DIRECTIONS FOR THIS TASK. Copy every entry verbatim and skip the pictures.

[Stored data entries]
□ □ □
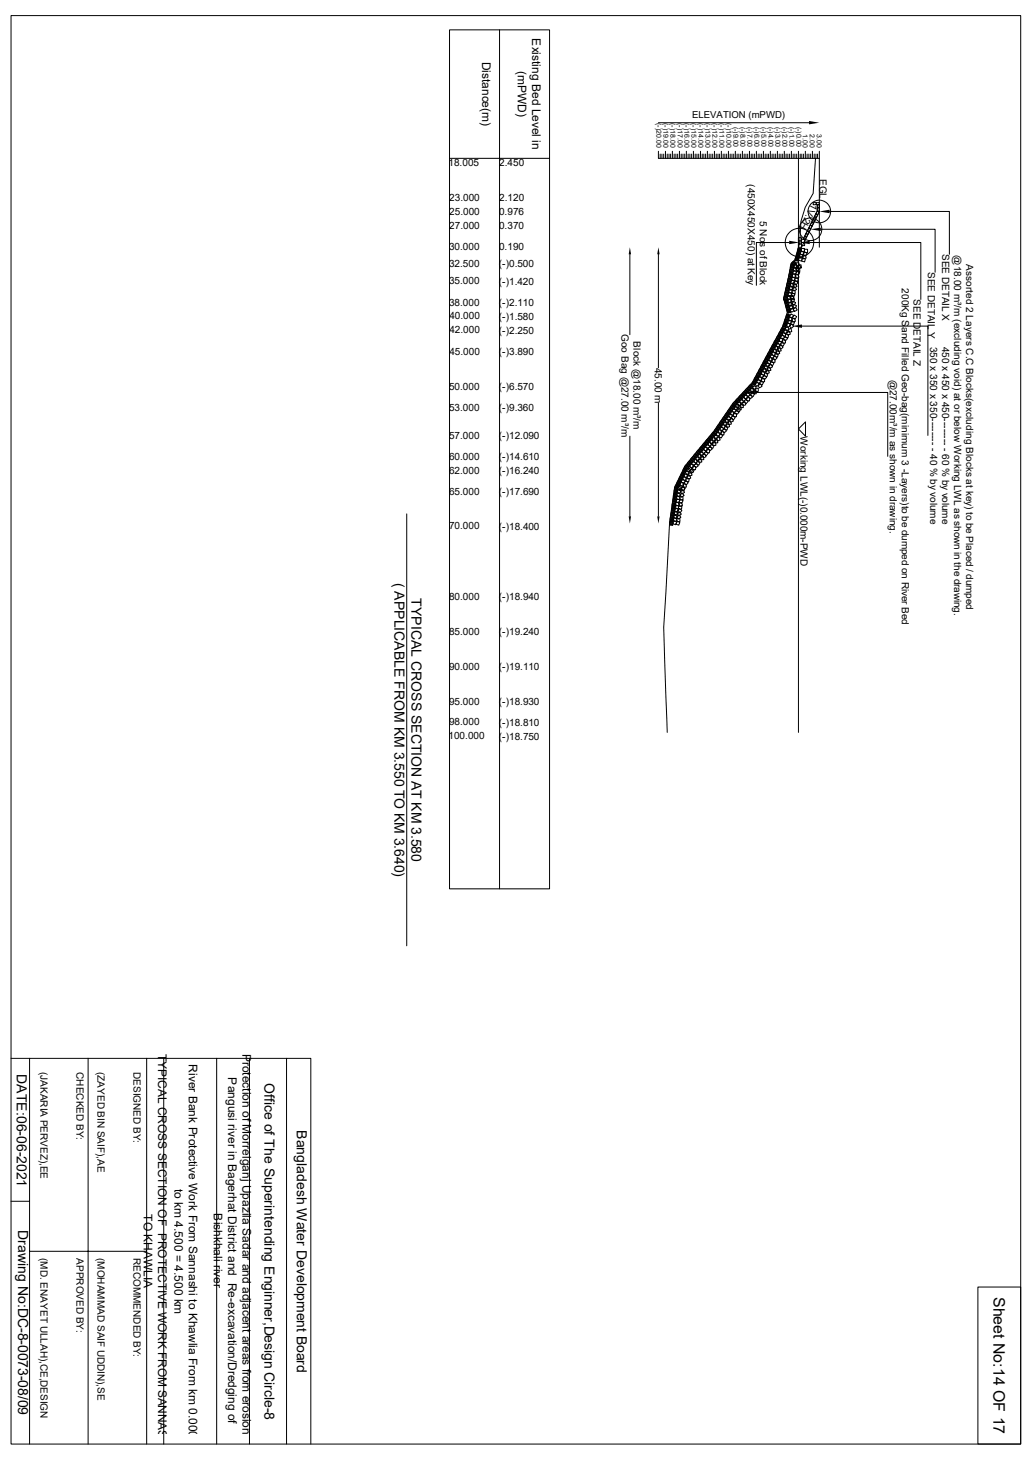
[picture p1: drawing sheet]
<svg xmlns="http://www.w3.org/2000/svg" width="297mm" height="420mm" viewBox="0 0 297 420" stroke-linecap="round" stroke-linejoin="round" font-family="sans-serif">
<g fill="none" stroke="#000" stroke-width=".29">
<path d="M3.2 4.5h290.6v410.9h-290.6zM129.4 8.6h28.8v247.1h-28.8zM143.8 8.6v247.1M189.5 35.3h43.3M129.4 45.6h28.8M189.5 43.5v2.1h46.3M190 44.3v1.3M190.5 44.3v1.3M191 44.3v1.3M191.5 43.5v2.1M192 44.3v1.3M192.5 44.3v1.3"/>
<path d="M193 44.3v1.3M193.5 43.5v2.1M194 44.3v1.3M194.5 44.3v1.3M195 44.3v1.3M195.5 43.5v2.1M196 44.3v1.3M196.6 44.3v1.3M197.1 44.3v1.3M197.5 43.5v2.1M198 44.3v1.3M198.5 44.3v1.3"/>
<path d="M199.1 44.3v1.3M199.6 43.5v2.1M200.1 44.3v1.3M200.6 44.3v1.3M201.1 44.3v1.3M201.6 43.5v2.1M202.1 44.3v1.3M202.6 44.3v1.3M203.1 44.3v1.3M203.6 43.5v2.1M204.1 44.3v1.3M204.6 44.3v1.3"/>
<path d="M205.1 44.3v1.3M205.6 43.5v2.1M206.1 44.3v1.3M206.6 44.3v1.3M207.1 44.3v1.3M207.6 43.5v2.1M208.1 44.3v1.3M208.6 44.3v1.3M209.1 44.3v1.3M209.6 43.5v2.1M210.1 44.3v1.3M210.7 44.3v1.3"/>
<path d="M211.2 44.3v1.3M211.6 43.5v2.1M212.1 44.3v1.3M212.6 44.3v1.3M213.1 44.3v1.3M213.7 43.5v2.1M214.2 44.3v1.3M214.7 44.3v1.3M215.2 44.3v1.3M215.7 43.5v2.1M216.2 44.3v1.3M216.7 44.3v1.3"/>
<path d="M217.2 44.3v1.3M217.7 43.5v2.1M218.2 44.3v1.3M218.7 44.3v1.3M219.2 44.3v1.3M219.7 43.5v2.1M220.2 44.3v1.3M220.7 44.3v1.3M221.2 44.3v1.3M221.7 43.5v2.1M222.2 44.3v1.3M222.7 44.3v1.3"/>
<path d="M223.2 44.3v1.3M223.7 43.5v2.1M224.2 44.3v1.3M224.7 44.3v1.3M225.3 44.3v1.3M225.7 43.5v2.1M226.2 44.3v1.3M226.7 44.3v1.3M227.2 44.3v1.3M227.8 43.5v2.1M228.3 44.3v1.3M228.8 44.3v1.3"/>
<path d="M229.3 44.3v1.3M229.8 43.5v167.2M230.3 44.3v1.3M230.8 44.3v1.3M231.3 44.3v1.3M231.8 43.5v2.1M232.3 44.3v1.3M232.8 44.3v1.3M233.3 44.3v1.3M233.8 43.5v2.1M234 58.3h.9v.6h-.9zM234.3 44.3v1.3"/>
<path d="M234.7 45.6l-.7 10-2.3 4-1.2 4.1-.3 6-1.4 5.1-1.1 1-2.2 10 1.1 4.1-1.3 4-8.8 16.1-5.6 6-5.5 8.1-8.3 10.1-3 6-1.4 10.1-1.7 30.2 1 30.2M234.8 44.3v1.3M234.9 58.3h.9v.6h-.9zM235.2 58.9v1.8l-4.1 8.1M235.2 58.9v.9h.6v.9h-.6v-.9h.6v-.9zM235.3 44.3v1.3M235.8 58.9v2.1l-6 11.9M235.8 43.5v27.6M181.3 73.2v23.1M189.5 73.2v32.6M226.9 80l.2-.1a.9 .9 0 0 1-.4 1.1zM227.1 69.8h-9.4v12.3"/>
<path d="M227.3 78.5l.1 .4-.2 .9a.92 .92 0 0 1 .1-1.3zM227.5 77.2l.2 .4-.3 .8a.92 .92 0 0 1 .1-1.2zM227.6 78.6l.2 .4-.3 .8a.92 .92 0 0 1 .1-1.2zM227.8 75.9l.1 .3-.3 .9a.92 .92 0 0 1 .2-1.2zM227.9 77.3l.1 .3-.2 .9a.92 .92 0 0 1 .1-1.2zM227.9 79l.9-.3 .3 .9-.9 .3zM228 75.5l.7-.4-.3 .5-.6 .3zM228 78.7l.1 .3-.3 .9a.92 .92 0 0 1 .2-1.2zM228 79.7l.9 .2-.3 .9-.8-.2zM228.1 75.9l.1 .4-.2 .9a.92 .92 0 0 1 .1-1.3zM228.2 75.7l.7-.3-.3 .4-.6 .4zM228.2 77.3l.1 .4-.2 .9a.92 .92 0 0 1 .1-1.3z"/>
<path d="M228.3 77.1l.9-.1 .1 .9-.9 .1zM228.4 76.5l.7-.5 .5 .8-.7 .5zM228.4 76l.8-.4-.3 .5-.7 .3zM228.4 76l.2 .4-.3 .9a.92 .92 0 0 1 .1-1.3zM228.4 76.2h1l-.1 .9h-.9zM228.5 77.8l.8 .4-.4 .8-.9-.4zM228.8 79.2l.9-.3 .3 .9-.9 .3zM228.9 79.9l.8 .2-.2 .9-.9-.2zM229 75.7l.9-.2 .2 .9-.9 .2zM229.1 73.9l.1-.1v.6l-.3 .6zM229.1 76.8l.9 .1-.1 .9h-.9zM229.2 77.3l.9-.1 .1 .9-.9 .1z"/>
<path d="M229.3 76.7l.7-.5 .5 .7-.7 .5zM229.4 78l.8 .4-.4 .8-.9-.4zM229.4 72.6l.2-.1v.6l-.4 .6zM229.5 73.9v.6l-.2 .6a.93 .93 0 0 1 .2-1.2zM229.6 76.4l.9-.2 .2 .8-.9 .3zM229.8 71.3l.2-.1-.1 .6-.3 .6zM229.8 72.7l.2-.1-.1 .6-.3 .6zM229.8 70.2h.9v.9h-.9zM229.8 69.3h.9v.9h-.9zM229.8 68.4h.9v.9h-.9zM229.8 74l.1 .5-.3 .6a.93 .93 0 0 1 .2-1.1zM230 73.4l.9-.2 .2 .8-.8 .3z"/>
□ □ □
SOLUTION BELOW.
[picture p1: drawing sheet]
<svg xmlns="http://www.w3.org/2000/svg" width="297mm" height="420mm" viewBox="0 0 297 420" stroke-linecap="round" stroke-linejoin="round" font-family="sans-serif">
<g fill="none" stroke="#000" stroke-width=".29">
<path d="M3.2 4.5h290.6v410.9h-290.6zM129.4 8.6h28.8v247.1h-28.8zM143.8 8.6v247.1M189.5 35.3h43.3M129.4 45.6h28.8M189.5 43.5v2.1h46.3M190 44.3v1.3M190.5 44.3v1.3M191 44.3v1.3M191.5 43.5v2.1M192 44.3v1.3M192.5 44.3v1.3"/>
<path d="M193 44.3v1.3M193.5 43.5v2.1M194 44.3v1.3M194.5 44.3v1.3M195 44.3v1.3M195.5 43.5v2.1M196 44.3v1.3M196.6 44.3v1.3M197.1 44.3v1.3M197.5 43.5v2.1M198 44.3v1.3M198.5 44.3v1.3"/>
<path d="M199.1 44.3v1.3M199.6 43.5v2.1M200.1 44.3v1.3M200.6 44.3v1.3M201.1 44.3v1.3M201.6 43.5v2.1M202.1 44.3v1.3M202.6 44.3v1.3M203.1 44.3v1.3M203.6 43.5v2.1M204.1 44.3v1.3M204.6 44.3v1.3"/>
<path d="M205.1 44.3v1.3M205.6 43.5v2.1M206.1 44.3v1.3M206.6 44.3v1.3M207.1 44.3v1.3M207.6 43.5v2.1M208.1 44.3v1.3M208.6 44.3v1.3M209.1 44.3v1.3M209.6 43.5v2.1M210.1 44.3v1.3M210.7 44.3v1.3"/>
<path d="M211.2 44.3v1.3M211.6 43.5v2.1M212.1 44.3v1.3M212.6 44.3v1.3M213.1 44.3v1.3M213.7 43.5v2.1M214.2 44.3v1.3M214.7 44.3v1.3M215.2 44.3v1.3M215.7 43.5v2.1M216.2 44.3v1.3M216.7 44.3v1.3"/>
<path d="M217.2 44.3v1.3M217.7 43.5v2.1M218.2 44.3v1.3M218.7 44.3v1.3M219.2 44.3v1.3M219.7 43.5v2.1M220.2 44.3v1.3M220.7 44.3v1.3M221.2 44.3v1.3M221.7 43.5v2.1M222.2 44.3v1.3M222.7 44.3v1.3"/>
<path d="M223.2 44.3v1.3M223.7 43.5v2.1M224.2 44.3v1.3M224.7 44.3v1.3M225.3 44.3v1.3M225.7 43.5v2.1M226.2 44.3v1.3M226.7 44.3v1.3M227.2 44.3v1.3M227.8 43.5v2.1M228.3 44.3v1.3M228.8 44.3v1.3"/>
<path d="M229.3 44.3v1.3M229.8 43.5v167.2M230.3 44.3v1.3M230.8 44.3v1.3M231.3 44.3v1.3M231.8 43.5v2.1M232.3 44.3v1.3M232.8 44.3v1.3M233.3 44.3v1.3M233.8 43.5v2.1M234 58.3h.9v.6h-.9zM234.3 44.3v1.3"/>
<path d="M234.7 45.6l-.7 10-2.3 4-1.2 4.1-.3 6-1.4 5.1-1.1 1-2.2 10 1.1 4.1-1.3 4-8.8 16.1-5.6 6-5.5 8.1-8.3 10.1-3 6-1.4 10.1-1.7 30.2 1 30.2M234.8 44.3v1.3M234.9 58.3h.9v.6h-.9zM235.2 58.9v1.8l-4.1 8.1M235.2 58.9v.9h.6v.9h-.6v-.9h.6v-.9zM235.3 44.3v1.3M235.8 58.9v2.1l-6 11.9M235.8 43.5v27.6M181.3 73.2v23.1M189.5 73.2v32.6M226.9 80l.2-.1a.9 .9 0 0 1-.4 1.1zM227.1 69.8h-9.4v12.3"/>
<path d="M227.3 78.5l.1 .4-.2 .9a.92 .92 0 0 1 .1-1.3zM227.5 77.2l.2 .4-.3 .8a.92 .92 0 0 1 .1-1.2zM227.6 78.6l.2 .4-.3 .8a.92 .92 0 0 1 .1-1.2zM227.8 75.9l.1 .3-.3 .9a.92 .92 0 0 1 .2-1.2zM227.9 77.3l.1 .3-.2 .9a.92 .92 0 0 1 .1-1.2zM227.9 79l.9-.3 .3 .9-.9 .3zM228 75.5l.7-.4-.3 .5-.6 .3zM228 78.7l.1 .3-.3 .9a.92 .92 0 0 1 .2-1.2zM228 79.7l.9 .2-.3 .9-.8-.2zM228.1 75.9l.1 .4-.2 .9a.92 .92 0 0 1 .1-1.3zM228.2 75.7l.7-.3-.3 .4-.6 .4zM228.2 77.3l.1 .4-.2 .9a.92 .92 0 0 1 .1-1.3z"/>
<path d="M228.3 77.1l.9-.1 .1 .9-.9 .1zM228.4 76.5l.7-.5 .5 .8-.7 .5zM228.4 76l.8-.4-.3 .5-.7 .3zM228.4 76l.2 .4-.3 .9a.92 .92 0 0 1 .1-1.3zM228.4 76.2h1l-.1 .9h-.9zM228.5 77.8l.8 .4-.4 .8-.9-.4zM228.8 79.2l.9-.3 .3 .9-.9 .3zM228.9 79.9l.8 .2-.2 .9-.9-.2zM229 75.7l.9-.2 .2 .9-.9 .2zM229.1 73.9l.1-.1v.6l-.3 .6zM229.1 76.8l.9 .1-.1 .9h-.9zM229.2 77.3l.9-.1 .1 .9-.9 .1z"/>
<path d="M229.3 76.7l.7-.5 .5 .7-.7 .5zM229.4 78l.8 .4-.4 .8-.9-.4zM229.4 72.6l.2-.1v.6l-.4 .6zM229.5 73.9v.6l-.2 .6a.93 .93 0 0 1 .2-1.2zM229.6 76.4l.9-.2 .2 .8-.9 .3zM229.8 71.3l.2-.1-.1 .6-.3 .6zM229.8 72.7l.2-.1-.1 .6-.3 .6zM229.8 70.2h.9v.9h-.9zM229.8 69.3h.9v.9h-.9zM229.8 68.4h.9v.9h-.9zM229.8 74l.1 .5-.3 .6a.93 .93 0 0 1 .2-1.1zM230 73.4l.9-.2 .2 .8-.8 .3z"/>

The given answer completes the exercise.